Regulations are fairly enforced, with substantial checks and balances. The decentralization of responsibilities including healthcare has been controversial, but municipalities and regions have been given greater funding to perform their welfare and education tasks. An ongoing debate has focused on reducing bureaucracy.

Executive Accountability

Marked by mature and well-functioning oversight mechanisms, Denmark’s executive accountability score places the country in the top ranks internationally (rank 4). Its score on this measure is unchanged relative to its 2014 level.

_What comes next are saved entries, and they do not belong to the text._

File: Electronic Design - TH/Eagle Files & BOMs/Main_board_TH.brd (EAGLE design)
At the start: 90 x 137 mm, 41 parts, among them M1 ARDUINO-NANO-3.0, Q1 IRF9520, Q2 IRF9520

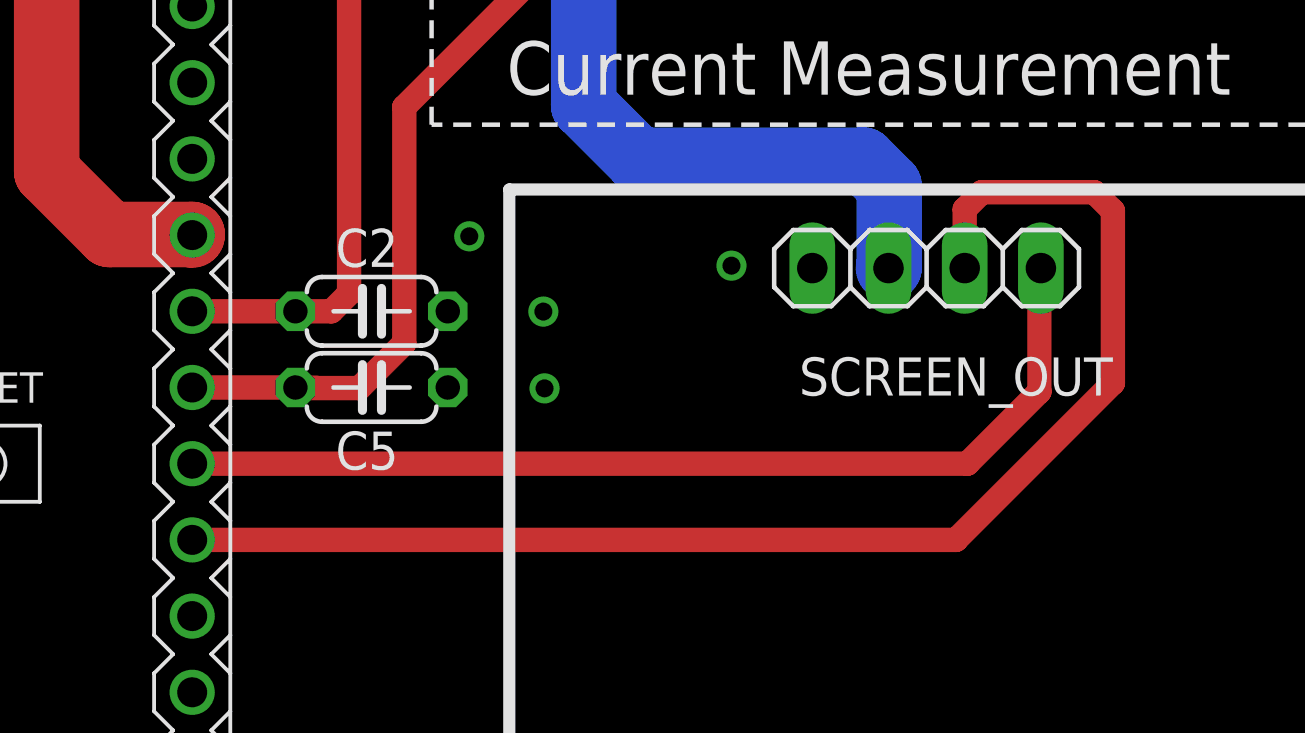
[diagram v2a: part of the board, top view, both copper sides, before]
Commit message: updating firmware and correcting screen pins
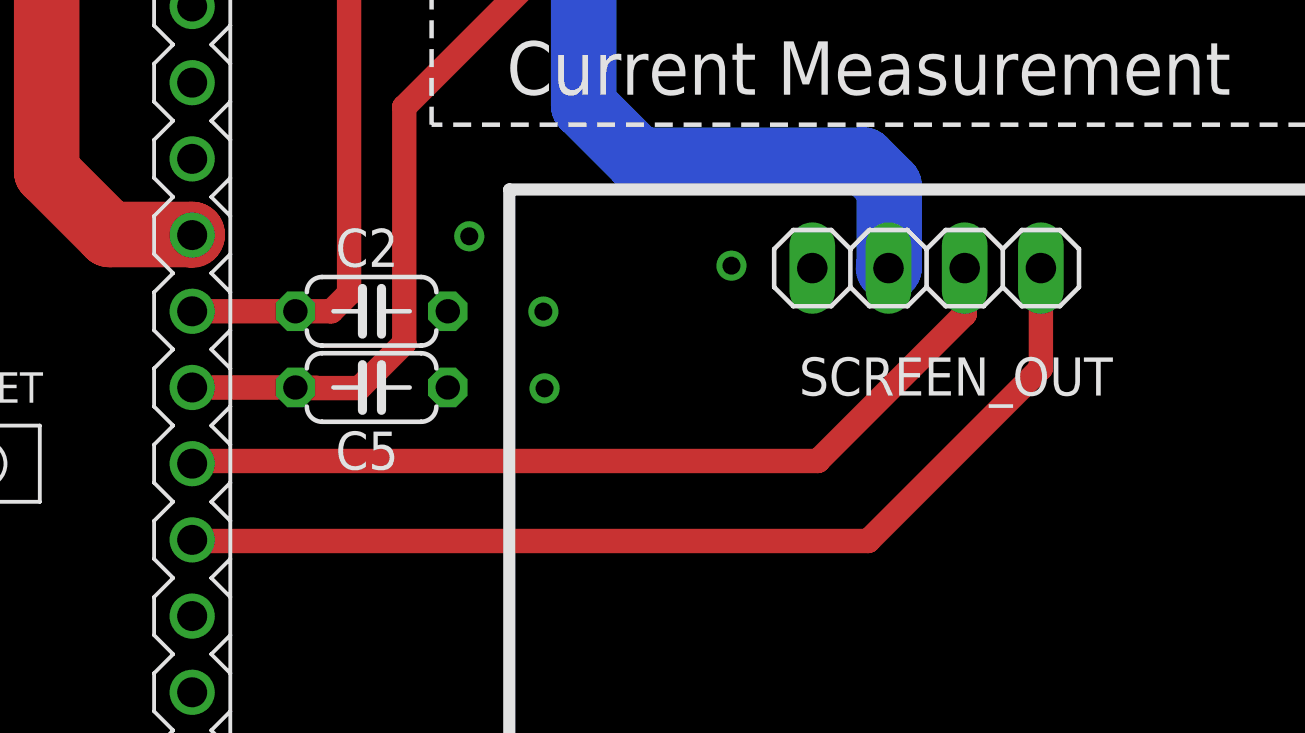
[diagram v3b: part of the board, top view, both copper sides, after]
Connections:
- removed net A4: M1.J2.8, SCREEN_OUT.2
- removed net A5: M1.J2.7, SCREEN_OUT.1
- new net N$11: M1.J2.7, SCREEN_OUT.2
- new net N$12: M1.J2.8, SCREEN_OUT.1
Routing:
- net A4: track 46.0 -> 0.00 mm
- net N$12: track 0.00 -> 34.0 mm
- net A5: track 33.4 -> 0.00 mm
- net N$11: track 0.00 -> 29.4 mm
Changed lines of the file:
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@@
 <vertex x="-2.47" y="137.93"/>
 </polygon>
+<wire x1="77.06569375" y1="124.1102" x2="80.0402" y2="124.06430625" width="0" layer="19" extent="1-1"/>
+<wire x1="74.51" y1="124.07" x2="77.06569375" y2="124.1102" width="0" layer="19" extent="1-1"/>
+<wire x1="80.04186875" y1="121.065390625" x2="80.0402" y2="124.06430625" width="0" layer="19" extent="1-1"/>
+<wire x1="77.06" y1="121.07" x2="80.04186875" y2="121.065390625" width="0" layer="19" extent="1-1"/>
+<wire x1="75.98569375" y1="108.3602" x2="77.06" y2="121.07" width="0" layer="19" extent="1-1"/>
+<wire x1="73.15" y1="108.278" x2="75.98569375" y2="108.3602" width="0" layer="19" extent="1-1"/>
+<wire x1="70.52569375" y1="108.2702" x2="73.15" y2="108.278" width="0" layer="19" extent="1-1"/>
+<wire x1="66.01569375" y1="108.2302" x2="70.52569375" y2="108.2702" width="0" layer="19" extent="1-1"/>
+<wire x1="54.94709375" y1="118.1762" x2="66.01569375" y2="108.2302" width="0" layer="19" extent="1-1"/>
+<wire x1="52.62" y1="122" x2="54.94709375" y2="118.1762" width="0" layer="19" extent="1-1"/>
+<wire x1="57.89569375" y1="122.2302" x2="54.94709375" y2="118.1762" width="0" layer="19" extent="1-1"/>
+<wire x1="52.67569375" y1="128.1902" x2="52.62" y2="122" width="0" layer="19" extent="1-1"/>
+<wire x1="50.08" y1="90.46" x2="66.01569375" y2="108.2302" width="0" layer="19" extent="1-1"/>
+<wire x1="50.08" y1="85.38" x2="50.08" y2="90.46" width="0" layer="19" extent="1-1"/>
+<wire x1="52.62" y1="75.5" x2="50.08" y2="85.38" width="0" layer="19" extent="1-1"/>
+<wire x1="55.61569375" y1="75.6302" x2="52.62" y2="75.5" width="0" layer="19" extent="1-1"/>
+<wire x1="58.62569375" y1="75.6302" x2="55.61569375" y2="75.6302" width="0" layer="19" extent="1-1"/>
+<wire x1="56.43" y1="72" x2="55.61569375" y2="75.6302" width="0" layer="19" extent="1-1"/>
+<wire x1="56.22569375" y1="66.7202" x2="56.43" y2="72" width="0" layer="19" extent="1-1"/>
+<wire x1="56.01" y1="63.11" x2="56.22569375" y2="66.7202" width="0" layer="19" extent="1-1"/>
+<wire x1="59.78569375" y1="64.9702" x2="56.22569375" y2="66.7202" width="0" layer="19" extent="1-1"/>
+<wire x1="51.42569375" y1="62.3502" x2="56.01" y2="63.11" width="0" layer="19" extent="1-1"/>
+<wire x1="53.21149375" y1="53.5762" x2="51.42569375" y2="62.3502" width="0" layer="19" extent="1-1"/>
+<wire x1="53.11569375" y1="50.9902" x2="53.21149375" y2="53.5762" width="0" layer="19" extent="1-1"/>
+<wire x1="50.08" y1="51" x2="53.11569375" y2="50.9902" width="0" layer="19" extent="1-1"/>
+<wire x1="49.84569375" y1="53.5302" x2="50.08" y2="51" width="0" layer="19" extent="1-1"/>
+<wire x1="41.19" y1="65.65" x2="51.42569375" y2="62.3502" width="0" layer="19" extent="1-1"/>
+<wire x1="38.63569375" y1="65.8502" x2="41.19" y2="65.65" width="0" layer="19" extent="1-1"/>
+<wire x1="36.11" y1="56.76" x2="38.63569375" y2="65.8502" width="0" layer="19" extent="1-1"/>
+<wire x1="41.19" y1="40.72" x2="50.08" y2="51" width="0" layer="19" extent="1-1"/>
+<wire x1="38.49569375" y1="40.8002" x2="41.19" y2="40.72" width="0" layer="19" extent="1-1"/>
+<wire x1="32.22569375" y1="39.2702" x2="38.49569375" y2="40.8002" width="0" layer="19" extent="1-1"/>
+<wire x1="32.26569375" y1="36.7102" x2="32.22569375" y2="39.2702" width="0" layer="19" extent="1-1"/>
+<wire x1="29.04" y1="39.28" x2="32.22569375" y2="39.2702" width="0" layer="19" extent="1-1"/>
+<wire x1="29.04" y1="36.74" x2="29.04" y2="39.28" width="0" layer="19" extent="1-1"/>
+<wire x1="29.75569375" y1="41.7802" x2="29.04" y2="39.28" width="0" layer="19" extent="1-1"/>
+<wire x1="20.52" y1="46.9" x2="29.75569375" y2="41.7802" width="0" layer="19" extent="1-1"/>
+<wire x1="10.49569375" y1="59.5302" x2="20.52" y2="46.9" width="0" layer="19" extent="1-1"/>
+<wire x1="8" y1="61.73" x2="10.49569375" y2="59.5302" width="0" layer="19" extent="1-1"/>
+<wire x1="13.13" y1="63" x2="10.49569375" y2="59.5302" width="0" layer="19" extent="1-1"/>
+<wire x1="14.37569375" y1="65.4302" x2="13.13" y2="63" width="0" layer="19" extent="1-1"/>
+<wire x1="9.32" y1="71.48" x2="14.37569375" y2="65.4302" width="0" layer="19" extent="1-1"/>
+<wire x1="9.14569375" y1="73.9602" x2="9.32" y2="71.48" width="0" layer="19" extent="1-1"/>
+<wire x1="17.41569375" y1="73.8702" x2="9.14569375" y2="73.9602" width="0" layer="19" extent="1-1"/>
+<wire x1="19.48" y1="76.56" x2="17.41569375" y2="73.8702" width="0" layer="19" extent="1-1"/>
+<wire x1="13.13" y1="91.57" x2="19.48" y2="76.56" width="0" layer="19" extent="1-1"/>
+<wire x1="9.25569375" y1="91.5202" x2="13.13" y2="91.57" width="0" layer="19" extent="1-1"/>
+<wire x1="9.41569375" y1="94.5502" x2="9.25569375" y2="91.5202" width="0" layer="19" extent="1-1"/>
+<wire x1="20.54569375" y1="118.8802" x2="9.41569375" y2="94.5502" width="0" layer="19" extent="1-1"/>
+<wire x1="24.49569375" y1="121.6002" x2="20.54569375" y2="118.8802" width="0" layer="19" extent="1-1"/>
+<wire x1="25.389" y1="118.81" x2="24.49569375" y2="121.6002" width="0" layer="19" extent="1-1"/>
 </signal>
 <signal name="VIN_PROTECTED">
@@
 <wire x1="66.964" y1="23.506" x2="69.17" y2="21.3" width="2.1844" layer="1"/>
 </signal>
-<signal name="A5">
-<contactref element="SCREEN_OUT" pad="1"/>
-<contactref element="M1" pad="J2.7"/>
-<wire x1="20.52" y1="34.2" x2="46.36" y2="34.2" width="0.8128" layer="1"/>
-<wire x1="46.36" y1="34.2" x2="48.76" y2="36.6" width="0.8128" layer="1"/>
-<wire x1="48.76" y1="36.6" x2="48.76" y2="40.67" width="0.8128" layer="1"/>
-<wire x1="48.76" y1="40.67" x2="48.81" y2="40.72" width="0.8128" layer="1"/>
-</signal>
-<signal name="A4">
-<contactref element="M1" pad="J2.8"/>
-<contactref element="SCREEN_OUT" pad="2"/>
-<wire x1="46.27" y1="40.72" x2="46.27" y2="42.68" width="0.8128" layer="1"/>
-<wire x1="46.27" y1="42.68" x2="46.84" y2="43.25" width="0.8128" layer="1"/>
-<wire x1="46.84" y1="43.25" x2="50.59" y2="43.25" width="0.8128" layer="1"/>
-<wire x1="50.59" y1="43.25" x2="51.21" y2="42.63" width="0.8128" layer="1"/>
-<wire x1="51.21" y1="42.63" x2="51.21" y2="36.89" width="0.8128" layer="1"/>
-<wire x1="51.21" y1="36.89" x2="45.98" y2="31.66" width="0.8128" layer="1"/>
-<wire x1="45.98" y1="31.66" x2="20.52" y2="31.66" width="0.8128" layer="1"/>
-</signal>
 <signal name="N$2">
 <contactref element="R9" pad="1"/>
@@
 <wire x1="64.35" y1="124.07" x2="64.35" y2="114.53" width="2.1844" layer="1"/>
 </signal>
+<signal name="N$11">
+<contactref element="M1" pad="J2.7"/>
+<contactref element="SCREEN_OUT" pad="2"/>
+<wire x1="46.27" y1="40.72" x2="46.27" y2="39.1834" width="0.8128" layer="1"/>
+<wire x1="46.27" y1="39.1834" x2="41.3766" y2="34.29" width="0.8128" layer="1"/>
+<wire x1="41.3766" y1="34.29" x2="20.61" y2="34.29" width="0.8128" layer="1"/>
+<wire x1="20.61" y1="34.29" x2="20.52" y2="34.2" width="0.8128" layer="1"/>
+</signal>
+<signal name="N$12">
+<contactref element="M1" pad="J2.8"/>
+<contactref element="SCREEN_OUT" pad="1"/>
+<wire x1="48.81" y1="40.72" x2="48.81" y2="37.38" width="0.8128" layer="1"/>
+<wire x1="48.81" y1="37.38" x2="43.053" y2="31.623" width="0.8128" layer="1"/>
+<wire x1="43.053" y1="31.623" x2="20.557" y2="31.623" width="0.8128" layer="1"/>
+<wire x1="20.557" y1="31.623" x2="20.52" y2="31.66" width="0.8128" layer="1"/>
+</signal>
 </signals>

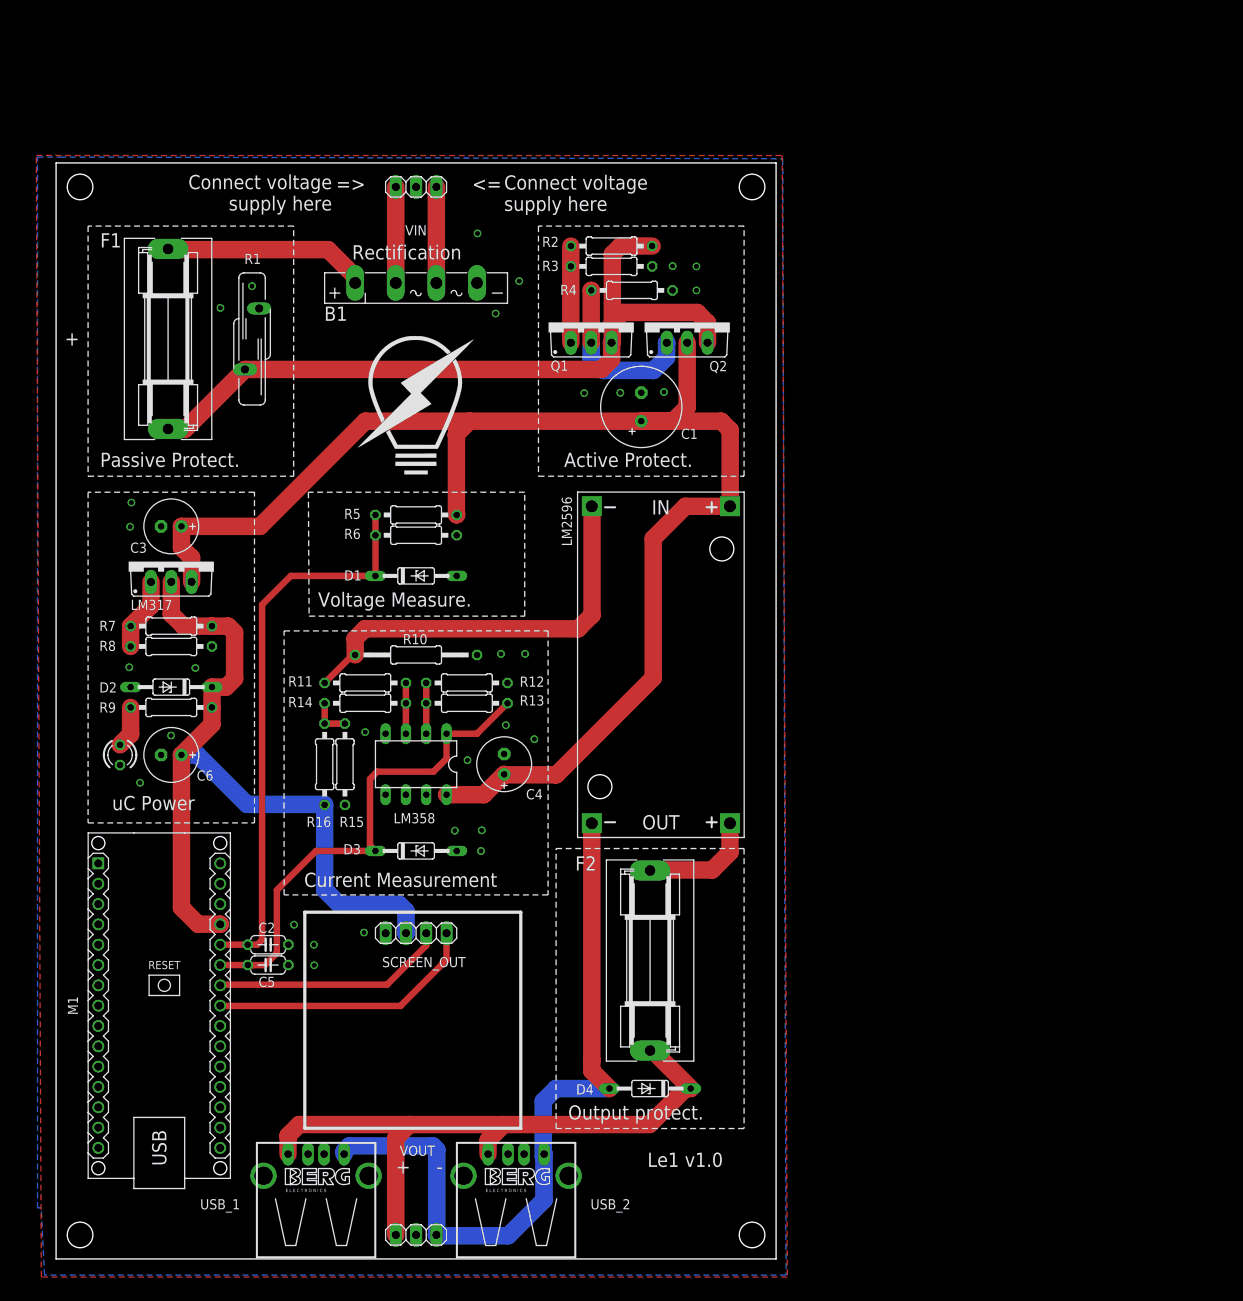
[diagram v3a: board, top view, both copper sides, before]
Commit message: adding in new LED for testing and widening board
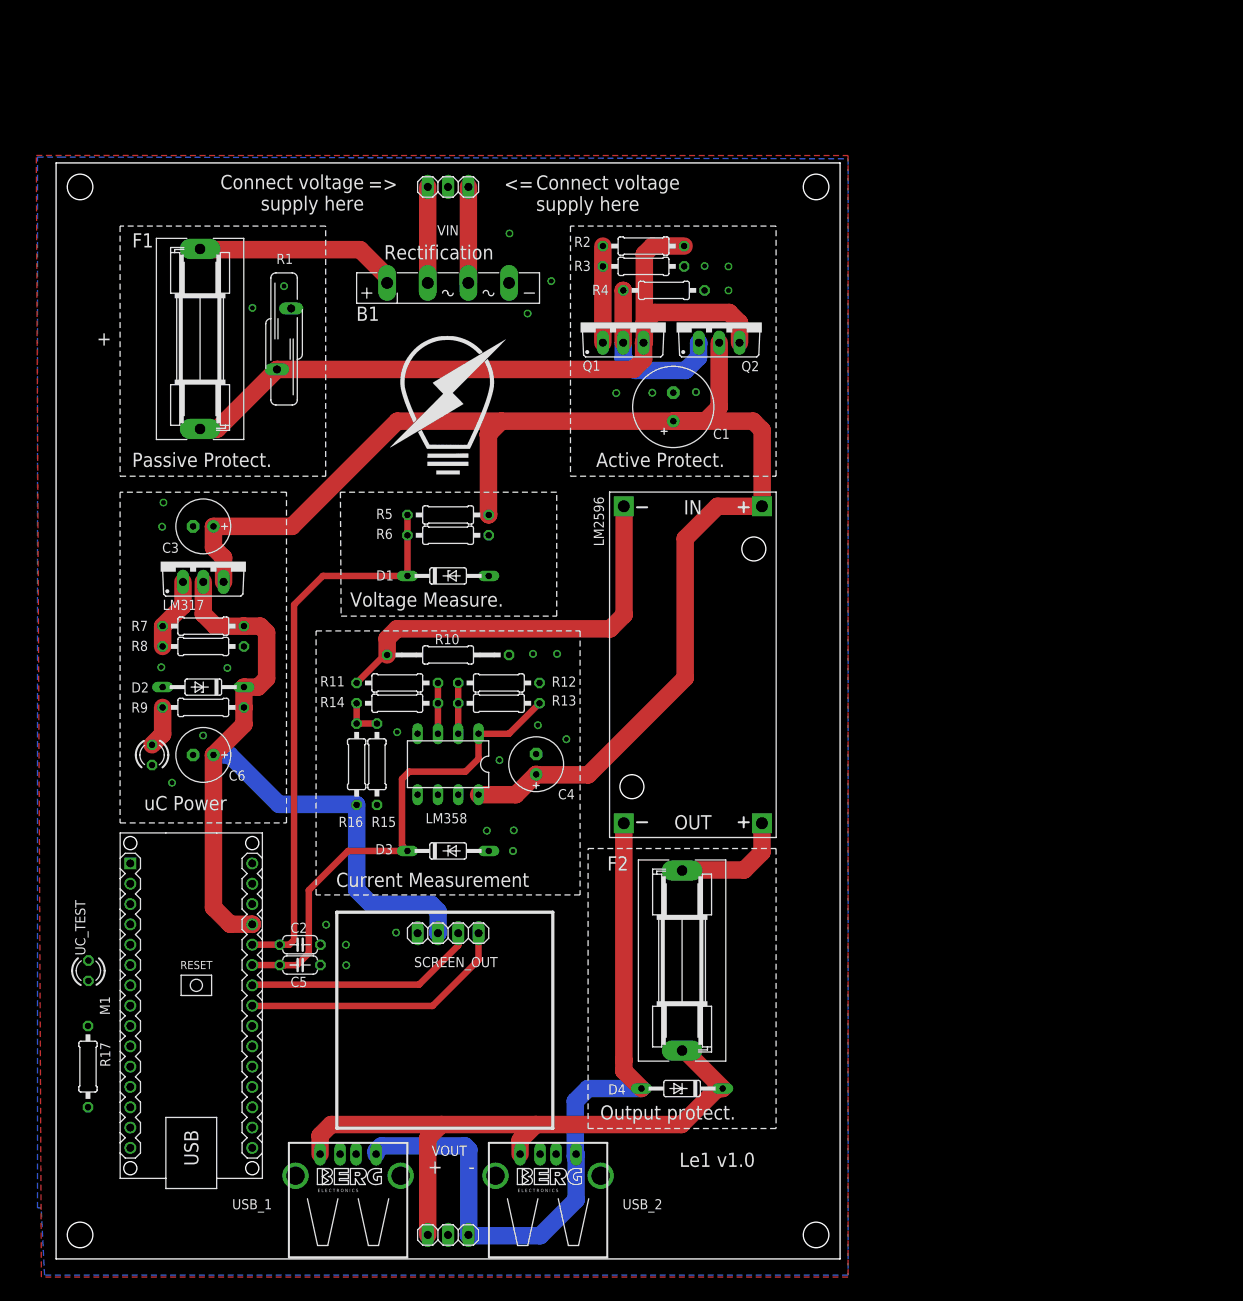
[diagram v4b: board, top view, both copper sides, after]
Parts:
- added R17: 2k, resistor:0207/10
- added UC_TEST: (no value), led:LED3MM
- moved B1 4.00 mm to (49.0, 122.0)
- moved C1 4.00 mm to (77.2, 106.5)
- moved C2 4.00 mm to (30.5, 39.3)
- moved C4 4.00 mm to (60.0, 61.8)
- moved C5 4.00 mm to (30.5, 36.7)
- moved D1 4.00 mm to (49.0, 85.4)
- moved D3 4.00 mm to (49.0, 51.0)
- moved D4 4.00 mm to (78.2, 21.3)
- moved F1 4.00 mm to (18.0, 115.0)
- moved F2 4.00 mm to (78.2, 37.3)
- moved LM2596 4.00 mm to (79.6, 74.3)
- moved LM358 4.00 mm to (49.0, 61.8)
- moved Q1 4.00 mm to (70.9, 117.1)
- moved Q2 4.00 mm to (82.9, 117.1)
- moved R1 4.00 mm to (28.5, 115.0)
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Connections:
- new net N$13: M1.J1.13, R17.2
- new net N$14: R17.1, UC_TEST.A
- net GND: now also UC_TEST.K
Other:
- board size 90 x 137 mm -> 98 x 137 mm

Citizens have good knowledge of domestic and EU policies, with recently implemented mandatory digital mailboxes making it easier for the government to communicate with the public. The media covers domestic policy more thoroughly than it does international issues. Funding for the public radio services is being shifted to a tax-funded system.

Parliamentarians have modest resources, but reasonably strong formal oversight powers. The audit and ombuds offices are independent and well respected. The independent data-protection authority deals with complaints and monitors implementation and enforcement of data-protection rules.

Political parties show a significant degree of internal democracy. Economic and noneconomic interest organizations are typically sophisticated, and often have a strong influence on policy, while still being oriented toward the consensus tradition. Major interest organizations are often members of committees and commissions tasked with preparing legislation.